##### Records to process #####

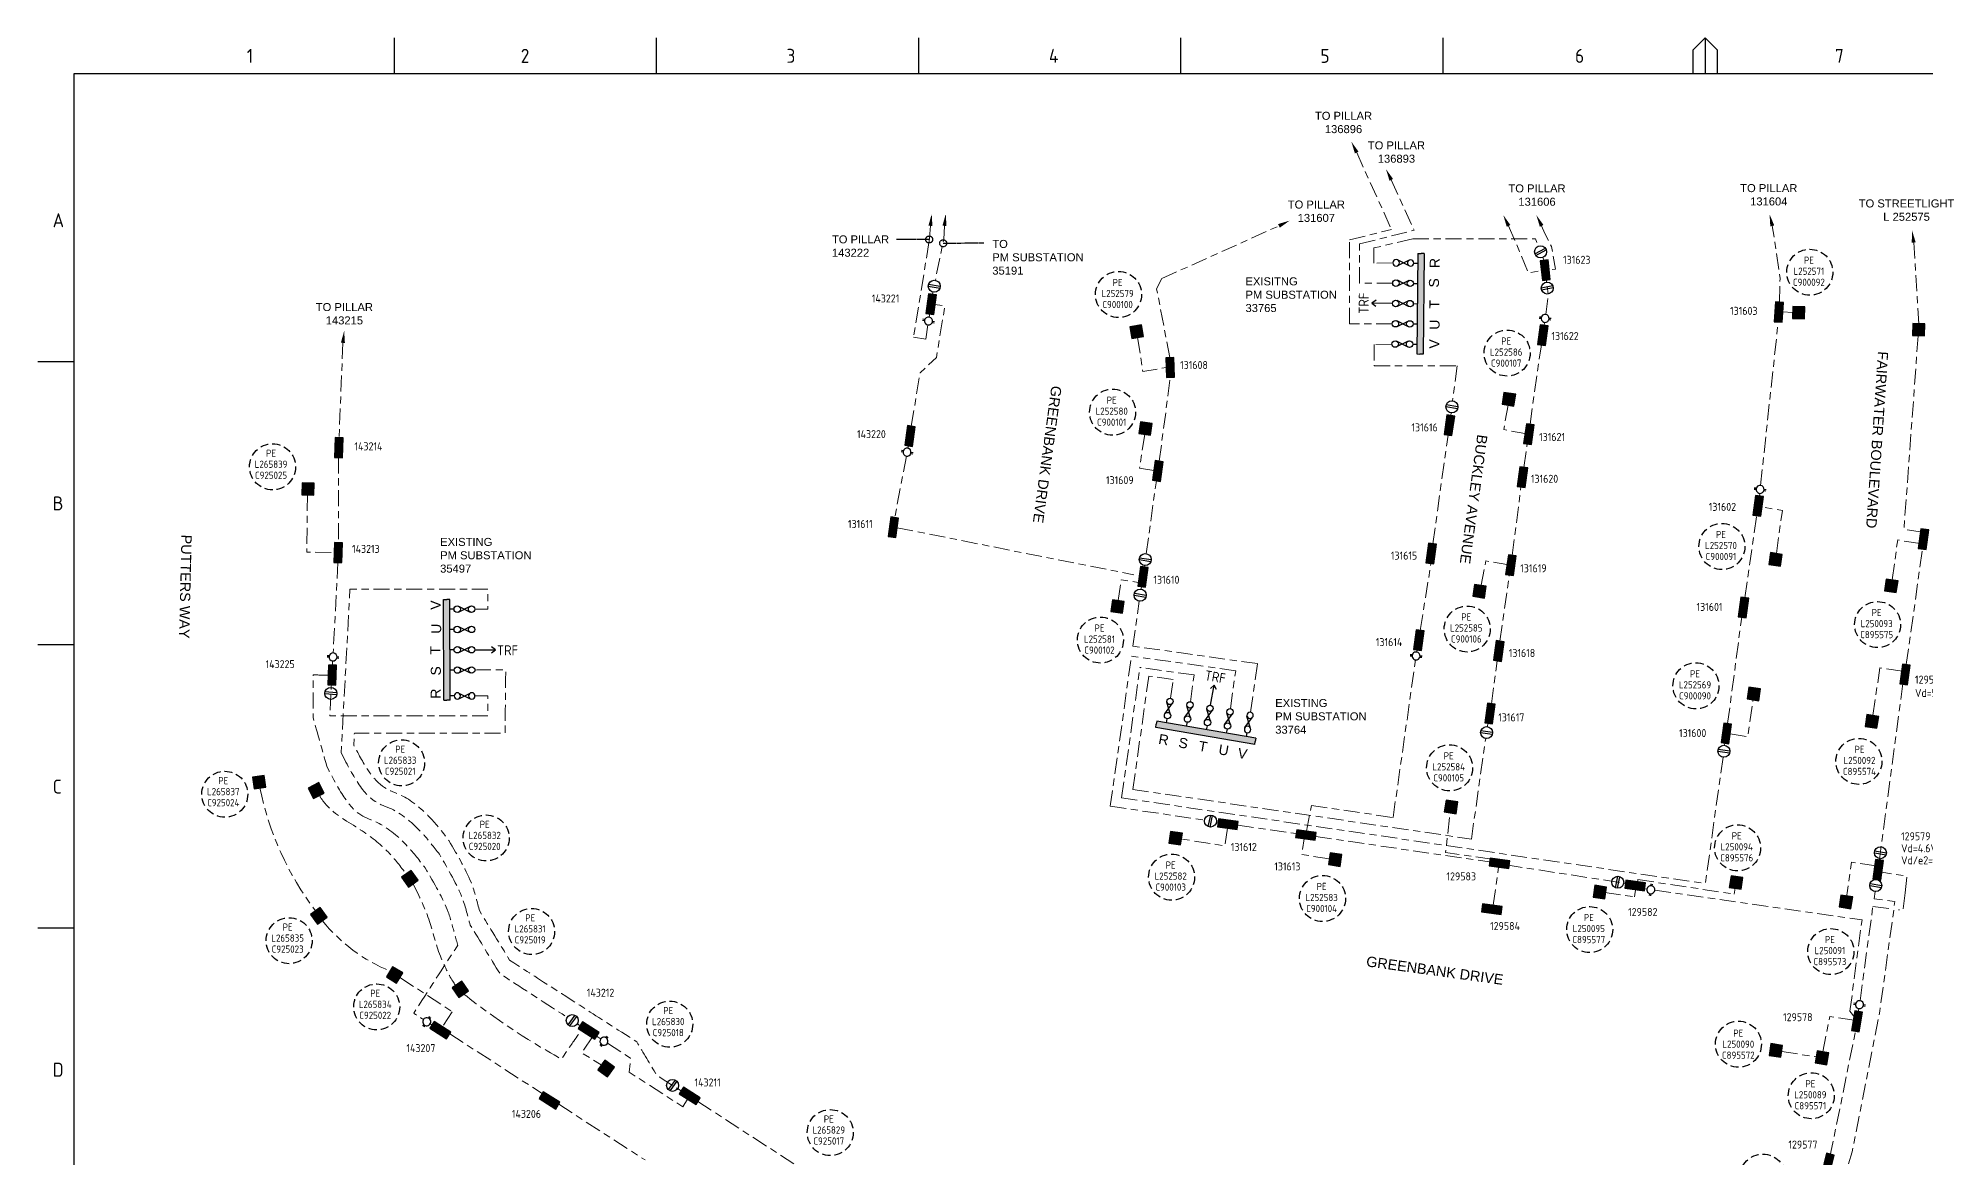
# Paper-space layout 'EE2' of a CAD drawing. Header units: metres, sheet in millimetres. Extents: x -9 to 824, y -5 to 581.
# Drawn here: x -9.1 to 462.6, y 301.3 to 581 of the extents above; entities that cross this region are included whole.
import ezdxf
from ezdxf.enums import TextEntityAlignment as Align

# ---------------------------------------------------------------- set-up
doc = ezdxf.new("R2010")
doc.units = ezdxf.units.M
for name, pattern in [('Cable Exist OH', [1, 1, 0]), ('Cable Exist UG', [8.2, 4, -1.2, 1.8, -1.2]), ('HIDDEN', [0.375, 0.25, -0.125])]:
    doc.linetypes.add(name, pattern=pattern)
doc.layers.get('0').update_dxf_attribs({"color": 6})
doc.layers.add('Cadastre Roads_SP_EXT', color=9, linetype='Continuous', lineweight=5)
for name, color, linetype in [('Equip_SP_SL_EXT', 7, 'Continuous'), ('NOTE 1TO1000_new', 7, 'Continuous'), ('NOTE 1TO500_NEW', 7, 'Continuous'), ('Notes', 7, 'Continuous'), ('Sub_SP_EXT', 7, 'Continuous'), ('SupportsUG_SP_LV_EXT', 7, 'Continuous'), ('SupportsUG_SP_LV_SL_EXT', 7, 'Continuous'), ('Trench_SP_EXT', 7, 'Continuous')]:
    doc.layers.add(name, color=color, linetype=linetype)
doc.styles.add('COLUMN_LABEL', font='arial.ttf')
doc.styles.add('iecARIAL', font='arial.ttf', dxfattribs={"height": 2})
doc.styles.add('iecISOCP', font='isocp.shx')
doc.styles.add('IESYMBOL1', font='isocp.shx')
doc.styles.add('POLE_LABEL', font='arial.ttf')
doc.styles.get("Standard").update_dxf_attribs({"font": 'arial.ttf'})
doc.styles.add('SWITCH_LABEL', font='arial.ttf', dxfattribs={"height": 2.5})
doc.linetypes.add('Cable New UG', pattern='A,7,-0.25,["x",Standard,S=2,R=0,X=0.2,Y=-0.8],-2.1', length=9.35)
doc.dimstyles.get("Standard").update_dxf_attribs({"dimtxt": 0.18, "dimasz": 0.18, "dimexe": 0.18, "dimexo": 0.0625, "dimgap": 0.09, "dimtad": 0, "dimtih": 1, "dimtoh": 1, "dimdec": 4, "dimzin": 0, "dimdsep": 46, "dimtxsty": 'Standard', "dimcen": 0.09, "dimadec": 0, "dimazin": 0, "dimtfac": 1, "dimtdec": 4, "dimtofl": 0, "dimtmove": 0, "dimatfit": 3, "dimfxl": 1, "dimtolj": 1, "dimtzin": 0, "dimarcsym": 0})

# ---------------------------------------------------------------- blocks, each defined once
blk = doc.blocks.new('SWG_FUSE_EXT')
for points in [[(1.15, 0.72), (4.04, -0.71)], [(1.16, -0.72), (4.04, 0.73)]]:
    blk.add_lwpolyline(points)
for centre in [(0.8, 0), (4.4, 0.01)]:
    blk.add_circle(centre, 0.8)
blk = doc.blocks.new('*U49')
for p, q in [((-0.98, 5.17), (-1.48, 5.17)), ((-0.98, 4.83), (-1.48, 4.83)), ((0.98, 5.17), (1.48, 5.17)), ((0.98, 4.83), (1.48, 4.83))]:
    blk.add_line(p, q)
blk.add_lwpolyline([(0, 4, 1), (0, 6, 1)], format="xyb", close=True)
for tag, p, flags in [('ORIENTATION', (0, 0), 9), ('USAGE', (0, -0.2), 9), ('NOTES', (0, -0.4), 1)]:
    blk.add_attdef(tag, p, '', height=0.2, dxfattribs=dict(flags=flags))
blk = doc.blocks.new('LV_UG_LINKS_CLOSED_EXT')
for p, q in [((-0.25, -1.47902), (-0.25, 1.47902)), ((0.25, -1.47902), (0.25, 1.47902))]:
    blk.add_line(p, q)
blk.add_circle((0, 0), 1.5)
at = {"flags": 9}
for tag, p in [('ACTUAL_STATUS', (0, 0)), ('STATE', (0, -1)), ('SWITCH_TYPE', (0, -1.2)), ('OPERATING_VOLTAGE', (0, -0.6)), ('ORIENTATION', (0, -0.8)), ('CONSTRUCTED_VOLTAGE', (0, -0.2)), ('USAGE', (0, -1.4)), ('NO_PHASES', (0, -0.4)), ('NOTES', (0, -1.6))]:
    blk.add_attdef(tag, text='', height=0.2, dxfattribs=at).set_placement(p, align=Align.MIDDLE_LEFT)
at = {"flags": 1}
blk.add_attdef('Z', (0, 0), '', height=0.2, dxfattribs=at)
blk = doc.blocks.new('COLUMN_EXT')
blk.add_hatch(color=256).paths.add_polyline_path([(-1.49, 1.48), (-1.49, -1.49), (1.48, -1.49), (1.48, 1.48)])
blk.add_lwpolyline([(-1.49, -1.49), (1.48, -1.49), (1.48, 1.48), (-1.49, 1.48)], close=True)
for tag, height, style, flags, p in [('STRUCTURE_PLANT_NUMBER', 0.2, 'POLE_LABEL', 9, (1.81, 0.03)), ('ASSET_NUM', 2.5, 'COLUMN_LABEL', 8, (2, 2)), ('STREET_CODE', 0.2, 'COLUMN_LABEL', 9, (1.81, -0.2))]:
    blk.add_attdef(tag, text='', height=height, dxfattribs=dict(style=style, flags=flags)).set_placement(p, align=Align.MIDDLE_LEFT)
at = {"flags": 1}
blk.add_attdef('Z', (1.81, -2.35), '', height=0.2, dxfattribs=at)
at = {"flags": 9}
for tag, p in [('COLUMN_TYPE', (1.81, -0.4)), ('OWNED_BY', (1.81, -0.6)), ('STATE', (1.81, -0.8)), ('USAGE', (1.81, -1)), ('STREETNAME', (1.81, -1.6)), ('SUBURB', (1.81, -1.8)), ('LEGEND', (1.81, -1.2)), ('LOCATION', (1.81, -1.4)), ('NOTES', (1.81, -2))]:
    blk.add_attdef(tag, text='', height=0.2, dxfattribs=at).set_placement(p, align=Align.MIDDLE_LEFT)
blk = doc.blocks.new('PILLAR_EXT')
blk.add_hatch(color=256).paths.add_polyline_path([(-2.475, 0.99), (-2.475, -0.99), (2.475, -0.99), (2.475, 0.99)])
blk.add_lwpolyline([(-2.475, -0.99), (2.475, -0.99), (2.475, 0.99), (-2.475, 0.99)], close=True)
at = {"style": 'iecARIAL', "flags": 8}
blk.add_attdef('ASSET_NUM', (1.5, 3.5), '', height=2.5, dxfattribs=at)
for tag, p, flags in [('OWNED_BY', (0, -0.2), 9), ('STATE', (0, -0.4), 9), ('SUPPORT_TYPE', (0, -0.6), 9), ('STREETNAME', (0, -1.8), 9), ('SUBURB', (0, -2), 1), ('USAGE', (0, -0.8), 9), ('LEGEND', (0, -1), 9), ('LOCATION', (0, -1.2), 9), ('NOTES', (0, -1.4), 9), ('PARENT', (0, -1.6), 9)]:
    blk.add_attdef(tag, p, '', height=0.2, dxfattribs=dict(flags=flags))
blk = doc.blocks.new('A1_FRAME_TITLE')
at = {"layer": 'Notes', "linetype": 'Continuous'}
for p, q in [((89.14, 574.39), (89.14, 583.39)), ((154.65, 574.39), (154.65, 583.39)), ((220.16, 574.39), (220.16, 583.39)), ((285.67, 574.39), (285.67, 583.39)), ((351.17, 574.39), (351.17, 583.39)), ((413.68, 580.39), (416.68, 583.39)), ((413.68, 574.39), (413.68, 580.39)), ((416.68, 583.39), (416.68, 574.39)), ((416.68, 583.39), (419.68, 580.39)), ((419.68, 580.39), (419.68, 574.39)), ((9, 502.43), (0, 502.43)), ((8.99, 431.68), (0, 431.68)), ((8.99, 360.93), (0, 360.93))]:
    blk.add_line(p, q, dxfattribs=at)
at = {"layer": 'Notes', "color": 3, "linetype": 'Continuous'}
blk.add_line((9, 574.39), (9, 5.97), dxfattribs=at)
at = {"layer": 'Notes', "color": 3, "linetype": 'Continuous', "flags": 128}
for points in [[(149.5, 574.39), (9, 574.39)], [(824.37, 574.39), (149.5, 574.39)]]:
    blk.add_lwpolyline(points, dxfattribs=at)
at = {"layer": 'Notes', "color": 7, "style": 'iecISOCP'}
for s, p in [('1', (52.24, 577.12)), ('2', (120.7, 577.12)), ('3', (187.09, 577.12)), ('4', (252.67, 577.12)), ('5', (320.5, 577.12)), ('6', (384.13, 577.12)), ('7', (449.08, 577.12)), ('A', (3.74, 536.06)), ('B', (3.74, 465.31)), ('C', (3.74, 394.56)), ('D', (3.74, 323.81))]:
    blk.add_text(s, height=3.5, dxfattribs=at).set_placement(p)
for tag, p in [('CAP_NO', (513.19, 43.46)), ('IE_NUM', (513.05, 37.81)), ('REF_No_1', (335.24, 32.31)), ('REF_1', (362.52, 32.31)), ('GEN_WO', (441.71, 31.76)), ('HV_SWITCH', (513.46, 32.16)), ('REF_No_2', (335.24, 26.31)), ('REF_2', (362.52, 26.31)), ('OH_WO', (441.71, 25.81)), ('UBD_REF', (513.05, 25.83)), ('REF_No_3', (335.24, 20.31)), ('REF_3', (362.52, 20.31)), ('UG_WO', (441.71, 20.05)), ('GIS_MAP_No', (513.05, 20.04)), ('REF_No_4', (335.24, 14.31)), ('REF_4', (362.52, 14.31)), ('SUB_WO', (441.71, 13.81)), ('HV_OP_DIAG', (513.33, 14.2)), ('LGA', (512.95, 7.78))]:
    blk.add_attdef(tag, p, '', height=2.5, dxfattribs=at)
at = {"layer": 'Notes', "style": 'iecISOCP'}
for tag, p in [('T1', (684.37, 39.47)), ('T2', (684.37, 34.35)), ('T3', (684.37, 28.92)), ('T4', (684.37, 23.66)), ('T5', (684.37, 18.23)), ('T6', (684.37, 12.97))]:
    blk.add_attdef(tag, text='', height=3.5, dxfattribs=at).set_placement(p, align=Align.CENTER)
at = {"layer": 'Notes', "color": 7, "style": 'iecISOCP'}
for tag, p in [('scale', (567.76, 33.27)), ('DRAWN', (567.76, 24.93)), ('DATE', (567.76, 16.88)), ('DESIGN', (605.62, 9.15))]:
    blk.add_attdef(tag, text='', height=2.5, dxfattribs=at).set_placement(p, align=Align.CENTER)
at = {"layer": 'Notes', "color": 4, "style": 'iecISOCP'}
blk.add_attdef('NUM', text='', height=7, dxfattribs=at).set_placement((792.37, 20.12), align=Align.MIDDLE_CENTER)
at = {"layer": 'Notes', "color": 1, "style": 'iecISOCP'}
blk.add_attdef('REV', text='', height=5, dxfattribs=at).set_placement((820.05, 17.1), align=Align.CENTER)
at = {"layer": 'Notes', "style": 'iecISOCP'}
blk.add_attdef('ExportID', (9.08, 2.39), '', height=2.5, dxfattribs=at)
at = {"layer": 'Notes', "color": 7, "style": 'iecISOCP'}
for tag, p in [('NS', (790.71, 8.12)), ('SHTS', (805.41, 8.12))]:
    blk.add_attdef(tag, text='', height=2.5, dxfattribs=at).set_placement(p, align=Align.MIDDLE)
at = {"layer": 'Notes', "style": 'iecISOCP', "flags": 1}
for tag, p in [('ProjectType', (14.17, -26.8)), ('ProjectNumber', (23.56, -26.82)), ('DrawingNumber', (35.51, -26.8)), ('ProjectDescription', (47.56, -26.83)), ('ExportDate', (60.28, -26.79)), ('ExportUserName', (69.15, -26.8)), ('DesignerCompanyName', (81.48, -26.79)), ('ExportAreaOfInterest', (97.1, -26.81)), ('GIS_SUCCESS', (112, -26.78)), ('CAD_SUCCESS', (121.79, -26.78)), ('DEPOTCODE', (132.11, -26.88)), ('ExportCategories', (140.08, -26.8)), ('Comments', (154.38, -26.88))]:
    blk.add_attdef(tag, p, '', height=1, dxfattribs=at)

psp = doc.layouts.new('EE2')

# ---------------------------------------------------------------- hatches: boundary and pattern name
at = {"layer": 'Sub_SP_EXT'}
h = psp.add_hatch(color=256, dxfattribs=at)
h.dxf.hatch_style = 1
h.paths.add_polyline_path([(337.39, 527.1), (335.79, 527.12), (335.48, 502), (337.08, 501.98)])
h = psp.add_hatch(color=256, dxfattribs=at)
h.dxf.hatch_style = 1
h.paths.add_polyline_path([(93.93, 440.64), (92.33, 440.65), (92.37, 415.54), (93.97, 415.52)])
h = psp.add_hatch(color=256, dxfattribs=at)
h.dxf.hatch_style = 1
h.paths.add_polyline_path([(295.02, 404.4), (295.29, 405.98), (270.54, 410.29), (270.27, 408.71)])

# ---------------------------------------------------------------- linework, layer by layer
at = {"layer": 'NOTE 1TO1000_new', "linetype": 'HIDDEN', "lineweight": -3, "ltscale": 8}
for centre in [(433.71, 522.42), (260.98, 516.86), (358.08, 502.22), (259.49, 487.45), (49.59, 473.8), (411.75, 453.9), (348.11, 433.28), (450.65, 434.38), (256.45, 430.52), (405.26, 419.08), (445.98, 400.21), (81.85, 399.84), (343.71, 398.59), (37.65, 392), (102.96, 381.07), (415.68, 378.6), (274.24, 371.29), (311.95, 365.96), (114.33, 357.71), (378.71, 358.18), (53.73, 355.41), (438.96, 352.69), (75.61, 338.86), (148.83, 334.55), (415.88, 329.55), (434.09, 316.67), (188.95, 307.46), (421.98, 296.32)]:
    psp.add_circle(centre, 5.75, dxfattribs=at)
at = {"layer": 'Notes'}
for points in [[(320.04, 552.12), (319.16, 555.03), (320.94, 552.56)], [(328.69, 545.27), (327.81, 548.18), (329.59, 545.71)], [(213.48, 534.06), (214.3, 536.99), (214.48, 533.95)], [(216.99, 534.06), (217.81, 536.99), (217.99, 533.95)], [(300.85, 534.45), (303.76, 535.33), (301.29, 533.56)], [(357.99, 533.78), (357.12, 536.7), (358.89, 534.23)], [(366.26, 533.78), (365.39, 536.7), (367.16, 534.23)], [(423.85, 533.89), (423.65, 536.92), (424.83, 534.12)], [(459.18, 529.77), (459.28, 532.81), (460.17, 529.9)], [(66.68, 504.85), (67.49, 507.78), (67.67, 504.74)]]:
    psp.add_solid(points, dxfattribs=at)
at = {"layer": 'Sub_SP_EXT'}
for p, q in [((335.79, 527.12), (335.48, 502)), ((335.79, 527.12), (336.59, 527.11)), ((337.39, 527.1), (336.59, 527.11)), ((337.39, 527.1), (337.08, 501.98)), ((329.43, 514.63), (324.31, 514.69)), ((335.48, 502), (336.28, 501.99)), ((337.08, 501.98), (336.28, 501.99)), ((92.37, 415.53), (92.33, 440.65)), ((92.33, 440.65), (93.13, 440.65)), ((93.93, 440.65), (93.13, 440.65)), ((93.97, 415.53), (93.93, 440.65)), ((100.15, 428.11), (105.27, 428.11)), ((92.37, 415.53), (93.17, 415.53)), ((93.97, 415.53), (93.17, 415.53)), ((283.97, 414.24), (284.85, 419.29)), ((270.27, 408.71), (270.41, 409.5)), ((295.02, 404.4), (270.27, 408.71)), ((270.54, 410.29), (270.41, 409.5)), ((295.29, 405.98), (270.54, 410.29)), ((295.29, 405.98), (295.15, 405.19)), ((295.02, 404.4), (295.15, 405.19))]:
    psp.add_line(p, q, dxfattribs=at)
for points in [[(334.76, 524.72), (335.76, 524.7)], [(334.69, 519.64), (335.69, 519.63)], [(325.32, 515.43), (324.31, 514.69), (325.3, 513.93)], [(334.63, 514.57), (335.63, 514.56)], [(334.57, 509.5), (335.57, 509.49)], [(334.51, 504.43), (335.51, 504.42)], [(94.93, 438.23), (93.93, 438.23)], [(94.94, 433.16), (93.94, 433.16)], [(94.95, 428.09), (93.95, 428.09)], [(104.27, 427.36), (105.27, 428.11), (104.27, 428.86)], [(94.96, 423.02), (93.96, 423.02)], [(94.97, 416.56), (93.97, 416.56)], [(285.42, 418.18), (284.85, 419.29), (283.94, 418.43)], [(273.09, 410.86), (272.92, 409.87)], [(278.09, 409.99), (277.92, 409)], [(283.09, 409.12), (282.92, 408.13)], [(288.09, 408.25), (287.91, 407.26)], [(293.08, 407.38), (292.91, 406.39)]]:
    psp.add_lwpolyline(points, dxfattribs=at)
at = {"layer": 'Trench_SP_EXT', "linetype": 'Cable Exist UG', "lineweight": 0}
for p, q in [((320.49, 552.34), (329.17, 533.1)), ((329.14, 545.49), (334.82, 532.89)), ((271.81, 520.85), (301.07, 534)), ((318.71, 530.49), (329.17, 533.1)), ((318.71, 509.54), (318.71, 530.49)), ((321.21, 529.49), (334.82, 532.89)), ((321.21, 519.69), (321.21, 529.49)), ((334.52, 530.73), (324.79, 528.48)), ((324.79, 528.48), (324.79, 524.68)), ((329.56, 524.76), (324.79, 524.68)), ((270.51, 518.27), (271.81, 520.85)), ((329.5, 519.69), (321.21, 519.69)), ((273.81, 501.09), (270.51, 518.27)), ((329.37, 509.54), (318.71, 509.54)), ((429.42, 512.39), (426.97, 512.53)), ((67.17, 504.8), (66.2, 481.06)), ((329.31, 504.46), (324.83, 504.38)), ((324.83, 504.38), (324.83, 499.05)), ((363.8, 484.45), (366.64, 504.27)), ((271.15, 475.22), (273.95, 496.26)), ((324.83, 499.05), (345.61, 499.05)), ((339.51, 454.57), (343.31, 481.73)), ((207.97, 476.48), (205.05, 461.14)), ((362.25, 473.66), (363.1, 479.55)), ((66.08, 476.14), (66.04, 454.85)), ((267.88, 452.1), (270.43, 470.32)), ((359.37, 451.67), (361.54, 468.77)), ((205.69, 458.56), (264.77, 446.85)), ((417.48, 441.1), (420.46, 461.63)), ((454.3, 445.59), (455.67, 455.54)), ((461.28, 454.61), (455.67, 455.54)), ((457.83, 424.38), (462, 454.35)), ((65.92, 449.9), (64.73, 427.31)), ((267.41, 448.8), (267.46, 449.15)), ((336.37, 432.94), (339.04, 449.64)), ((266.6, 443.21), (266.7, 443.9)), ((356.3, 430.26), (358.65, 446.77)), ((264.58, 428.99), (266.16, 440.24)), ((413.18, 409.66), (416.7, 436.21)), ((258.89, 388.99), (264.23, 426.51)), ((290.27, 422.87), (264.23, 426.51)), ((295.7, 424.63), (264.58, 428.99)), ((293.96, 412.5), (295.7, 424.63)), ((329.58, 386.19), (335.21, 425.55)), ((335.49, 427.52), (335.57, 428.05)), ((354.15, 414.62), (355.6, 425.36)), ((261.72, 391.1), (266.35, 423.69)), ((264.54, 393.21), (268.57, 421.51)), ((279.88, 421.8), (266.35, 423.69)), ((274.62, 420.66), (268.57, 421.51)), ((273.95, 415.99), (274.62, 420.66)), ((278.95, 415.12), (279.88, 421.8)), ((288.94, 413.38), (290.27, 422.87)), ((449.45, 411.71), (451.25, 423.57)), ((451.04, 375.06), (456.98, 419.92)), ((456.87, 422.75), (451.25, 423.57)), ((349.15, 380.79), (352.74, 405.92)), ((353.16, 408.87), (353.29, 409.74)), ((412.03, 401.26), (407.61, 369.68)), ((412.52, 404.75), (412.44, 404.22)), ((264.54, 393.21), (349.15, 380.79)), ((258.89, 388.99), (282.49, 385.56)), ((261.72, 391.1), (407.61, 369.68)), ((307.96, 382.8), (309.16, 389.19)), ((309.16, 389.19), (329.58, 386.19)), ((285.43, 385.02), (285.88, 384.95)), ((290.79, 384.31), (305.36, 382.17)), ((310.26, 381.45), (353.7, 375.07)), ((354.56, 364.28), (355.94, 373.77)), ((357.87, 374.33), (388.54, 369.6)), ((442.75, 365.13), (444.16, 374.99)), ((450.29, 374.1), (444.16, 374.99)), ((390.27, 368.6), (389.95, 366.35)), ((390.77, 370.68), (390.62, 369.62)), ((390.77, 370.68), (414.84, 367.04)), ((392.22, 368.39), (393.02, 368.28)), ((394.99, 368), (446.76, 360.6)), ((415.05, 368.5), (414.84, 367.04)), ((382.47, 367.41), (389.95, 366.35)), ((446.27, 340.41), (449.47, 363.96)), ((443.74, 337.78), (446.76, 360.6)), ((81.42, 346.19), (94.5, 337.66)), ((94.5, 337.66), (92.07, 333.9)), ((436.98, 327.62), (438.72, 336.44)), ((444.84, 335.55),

#####

Assignment: Everything above from the line with "psp.add_circle(centre, 5.75, dxfattribs=at)" to the line with "psp.add_line(p, q, dxfattribs=at)", both included, must be repeated exactly, and nothing outside that range.

Answer box:
    psp.add_circle(centre, 5.75, dxfattribs=at)
at = {"layer": 'Notes'}
for points in [[(320.04, 552.12), (319.16, 555.03), (320.94, 552.56)], [(328.69, 545.27), (327.81, 548.18), (329.59, 545.71)], [(213.48, 534.06), (214.3, 536.99), (214.48, 533.95)], [(216.99, 534.06), (217.81, 536.99), (217.99, 533.95)], [(300.85, 534.45), (303.76, 535.33), (301.29, 533.56)], [(357.99, 533.78), (357.12, 536.7), (358.89, 534.23)], [(366.26, 533.78), (365.39, 536.7), (367.16, 534.23)], [(423.85, 533.89), (423.65, 536.92), (424.83, 534.12)], [(459.18, 529.77), (459.28, 532.81), (460.17, 529.9)], [(66.68, 504.85), (67.49, 507.78), (67.67, 504.74)]]:
    psp.add_solid(points, dxfattribs=at)
at = {"layer": 'Sub_SP_EXT'}
for p, q in [((335.79, 527.12), (335.48, 502)), ((335.79, 527.12), (336.59, 527.11)), ((337.39, 527.1), (336.59, 527.11)), ((337.39, 527.1), (337.08, 501.98)), ((329.43, 514.63), (324.31, 514.69)), ((335.48, 502), (336.28, 501.99)), ((337.08, 501.98), (336.28, 501.99)), ((92.37, 415.53), (92.33, 440.65)), ((92.33, 440.65), (93.13, 440.65)), ((93.93, 440.65), (93.13, 440.65)), ((93.97, 415.53), (93.93, 440.65)), ((100.15, 428.11), (105.27, 428.11)), ((92.37, 415.53), (93.17, 415.53)), ((93.97, 415.53), (93.17, 415.53)), ((283.97, 414.24), (284.85, 419.29)), ((270.27, 408.71), (270.41, 409.5)), ((295.02, 404.4), (270.27, 408.71)), ((270.54, 410.29), (270.41, 409.5)), ((295.29, 405.98), (270.54, 410.29)), ((295.29, 405.98), (295.15, 405.19)), ((295.02, 404.4), (295.15, 405.19))]:
    psp.add_line(p, q, dxfattribs=at)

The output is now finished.